Graduate Student in Discipline:
Fast Scan Cyclic Voltammetry (FSCV) is an electrochemical technique used for the detection of neurotransmitters. Carbon Fiber Microelectrodes (CFMEs) are most commonly used as the working electrode in FSCV and are optimal for detecting monoamines such as dopamine and serotonin. However, they have poor sensitivity for secondary oxidation products as well as reduction products of neurotransmitters. This is due to their smooth surface, which makes it easy for the analyte to desorb from the CFME back into solution. Electrodes that have a greater degree of surface roughness have been shown to have improved sensitivity relative to CFMEs. We recently developed Laser Induced Graphene from Parylene–N Microelectrodes (LIG-PNMEs), which had 1.5x increased sensitivity for detecting 1 µM dopamine and 1.3x increased sensitivity for serotonin compared to CFMEs. This signal enhancement is attributed to their increased surface roughness and defect sites, which can trap the analyte, in turn making it more difficult for it to desorb back into solution.
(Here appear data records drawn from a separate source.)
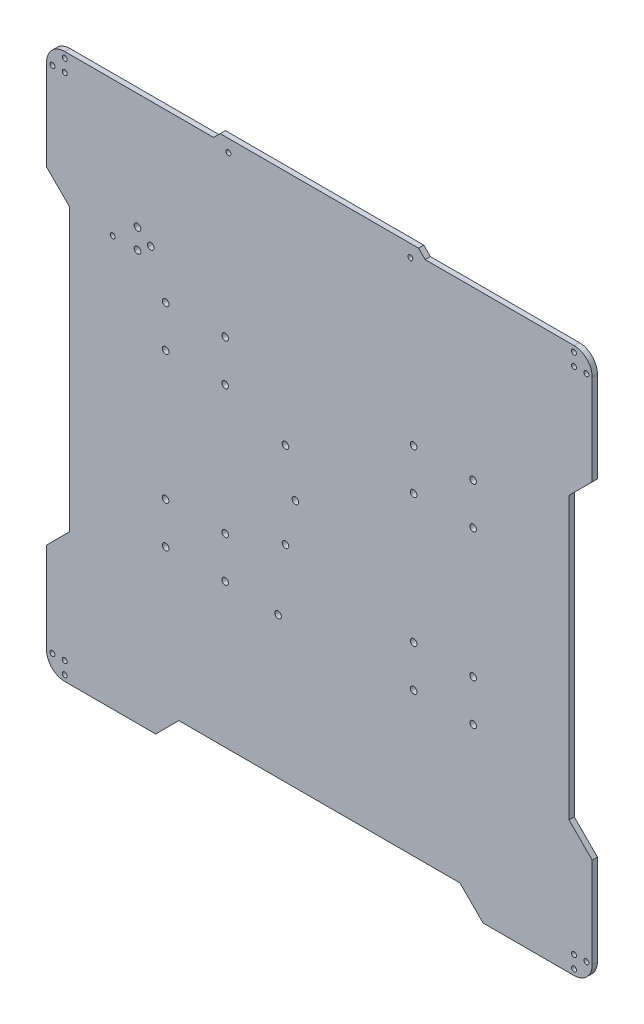
from build123d import *

# Parameters (mm, degrees)
SKETCH1_R           = 2
SKETCH1_R_2         = 1.5
BOSS_EXTRUDE1_DEPTH = 3.175


with BuildPart() as part:
    # Sketch1 → Boss-Extrude1 (new body)
    with BuildSketch(Plane.XY):
        with BuildLine():
            Line((165, 154), (165, 99))
            Line((165, 99), (151, 85))
            Line((151, 85), (151, -85))
            Line((151, -85), (165, -99))
            Line((165, -99), (165, -154))
            ThreePointArc((165, -154), (161.778174593, -161.778174593), (154, -165))
            Line((154, -165), (99, -165))
            Line((99, -165), (85, -151))
            Line((85, -151), (-85, -151))
            Line((-85, -151), (-99, -165))
            Line((-99, -165), (-154, -165))
            ThreePointArc((-154, -165), (-161.778174593, -161.778174593), (-165, -154))
            Line((-165, -154), (-165, -99))
            Line((-165, -99), (-151, -85))
            Line((-151, -85), (-151, 85))
            Line((-151, 85), (-165, 99))
            Line((-165, 99), (-165, 154))
            ThreePointArc((-165, 154), (-161.778174593, 161.778174593), (-154, 165))
            Line((-154, 165), (-64, 165))
            Line((-64, 165), (-60, 169))
            Line((-60, 169), (60, 169))
            Line((60, 169), (64, 165))
            Line((64, 165), (154, 165))
            ThreePointArc((154, 165), (161.778174593, 161.778174593), (165, 154))
        make_face()
        with Locations((-14.5, -0.5)):
            Circle(SKETCH1_R, mode=Mode.SUBTRACT)
        with Locations((-93, 64)):
            Circle(SKETCH1_R, mode=Mode.SUBTRACT)
        with Locations((-93, 39)):
            Circle(SKETCH1_R, mode=Mode.SUBTRACT)
        with Locations((-57, 39)):
            Circle(SKETCH1_R, mode=Mode.SUBTRACT)
        with Locations((-57, 64)):
            Circle(SKETCH1_R, mode=Mode.SUBTRACT)
        with Locations((57, 39)):
            Circle(SKETCH1_R, mode=Mode.SUBTRACT)
        with Locations((57, 64)):
            Circle(SKETCH1_R, mode=Mode.SUBTRACT)
        with Locations((93, 39)):
            Circle(SKETCH1_R, mode=Mode.SUBTRACT)
        with Locations((93, 64)):
            Circle(SKETCH1_R, mode=Mode.SUBTRACT)
        with Locations((57, -64)):
            Circle(SKETCH1_R, mode=Mode.SUBTRACT)
        with Locations((57, -39)):
            Circle(SKETCH1_R, mode=Mode.SUBTRACT)
        with Locations((93, -39)):
            Circle(SKETCH1_R, mode=Mode.SUBTRACT)
        with Locations((93, -64)):
            Circle(SKETCH1_R, mode=Mode.SUBTRACT)
        with Locations((-93, -64)):
            Circle(SKETCH1_R, mode=Mode.SUBTRACT)
        with Locations((-57, -64)):
            Circle(SKETCH1_R, mode=Mode.SUBTRACT)
        with Locations((-57, -39)):
            Circle(SKETCH1_R, mode=Mode.SUBTRACT)
        with Locations((-93, -39)):
            Circle(SKETCH1_R, mode=Mode.SUBTRACT)
        with Locations((-20.5, -26.5)):
            Circle(SKETCH1_R, mode=Mode.SUBTRACT)
        with Locations((-161.5, 154)):
            Circle(SKETCH1_R_2, mode=Mode.SUBTRACT)
        with Locations((-154, 161.5)):
            Circle(SKETCH1_R_2, mode=Mode.SUBTRACT)
        with Locations((154, 161.5)):
            Circle(SKETCH1_R_2, mode=Mode.SUBTRACT)
        with Locations((161.5, 154)):
            Circle(SKETCH1_R_2, mode=Mode.SUBTRACT)
        with Locations((161.5, -154)):
            Circle(SKETCH1_R_2, mode=Mode.SUBTRACT)
        with Locations((-20.5, 25.5)):
            Circle(SKETCH1_R, mode=Mode.SUBTRACT)
        with Locations((-25, -65.5)):
            Circle(SKETCH1_R, mode=Mode.SUBTRACT)
        with Locations((154, -161.5)):
            Circle(SKETCH1_R_2, mode=Mode.SUBTRACT)
        with Locations((-161.5, -154)):
            Circle(SKETCH1_R_2, mode=Mode.SUBTRACT)
        with Locations((-154, -161.5)):
            Circle(SKETCH1_R_2, mode=Mode.SUBTRACT)
        with Locations((-110, 95)):
            Circle(SKETCH1_R, mode=Mode.SUBTRACT)
        with Locations((-110, 83)):
            Circle(SKETCH1_R, mode=Mode.SUBTRACT)
        with Locations((-102, 89)):
            Circle(SKETCH1_R, mode=Mode.SUBTRACT)
        with Locations((-125, 83)):
            Circle(SKETCH1_R_2, mode=Mode.SUBTRACT)
        with Locations((-154, 154)):
            Circle(SKETCH1_R_2, mode=Mode.SUBTRACT)
        with Locations((154, 154)):
            Circle(SKETCH1_R_2, mode=Mode.SUBTRACT)
        with Locations((154, -154)):
            Circle(SKETCH1_R_2, mode=Mode.SUBTRACT)
        with Locations((-154, -154)):
            Circle(SKETCH1_R_2, mode=Mode.SUBTRACT)
        with Locations((-55, 161.5)):
            Circle(SKETCH1_R_2, mode=Mode.SUBTRACT)
        with Locations((55, 161.5)):
            Circle(SKETCH1_R_2, mode=Mode.SUBTRACT)
    extrude(amount=BOSS_EXTRUDE1_DEPTH)


solid = part.part

Testing with other neurotransmitters, including, norepinephrine, epinephrine, ascorbic acid, and DOPAC on CFMEs and LIG-PNMEs is ongoing to determine which electrode has better performance across the all signaling mmolecules.
Expert:
Fast Scan Cyclic Voltammetry (FSCV) is an electrochemical technique used for the detection of neurotransmitters. Carbon Fiber Microelectrodes (CFMEs) are most commonly used as the working electrode in FSCV and are optimal for detecting monoamines such as dopamine and serotonin. However, they have poor sensitivity for secondary oxidation products as well as reduction products of neurotransmitters. This is due to their smooth surface, which makes it easy for the analyte to desorb from the CFME back into solution. Novel electrodes that exhibit more surface roughness are necessary have been shown to have improved sensitivity relative to CFMEs. We recently developed Laser Induced Graphene from Parylene–N Microelectrodes (LIG-PNMEs), which had 1.5x increased sensitivity for detecting 1 µM dopamine and 1.3x increased sensitivity for serotonin compared to CFMEs. This is attributed to their increased surface roughness and defect sites, which can trap the analyte, in turn making it more difficult for it to desorb back into solution. Interestingly, when used to detect 0.5 µM of adenosine, the LIG-PNMEs had reduced sensitivity than the CFMEs. This may be due to how much larger adenosine is than dopamine and serotonin, making it harder for it to be ‘trapped’ into small pockets on the surface of the electrode. On the other hand, it may be due to the sluggish electron transfer kinetics during the oxidation of adenosines. Testing with other neurotransmitters, including, norepinephrine, epinephrine, ascorbic acid, and DOPAC on CFMEs and LIG-PNMEs is ongoing to determine which electrode has better performance.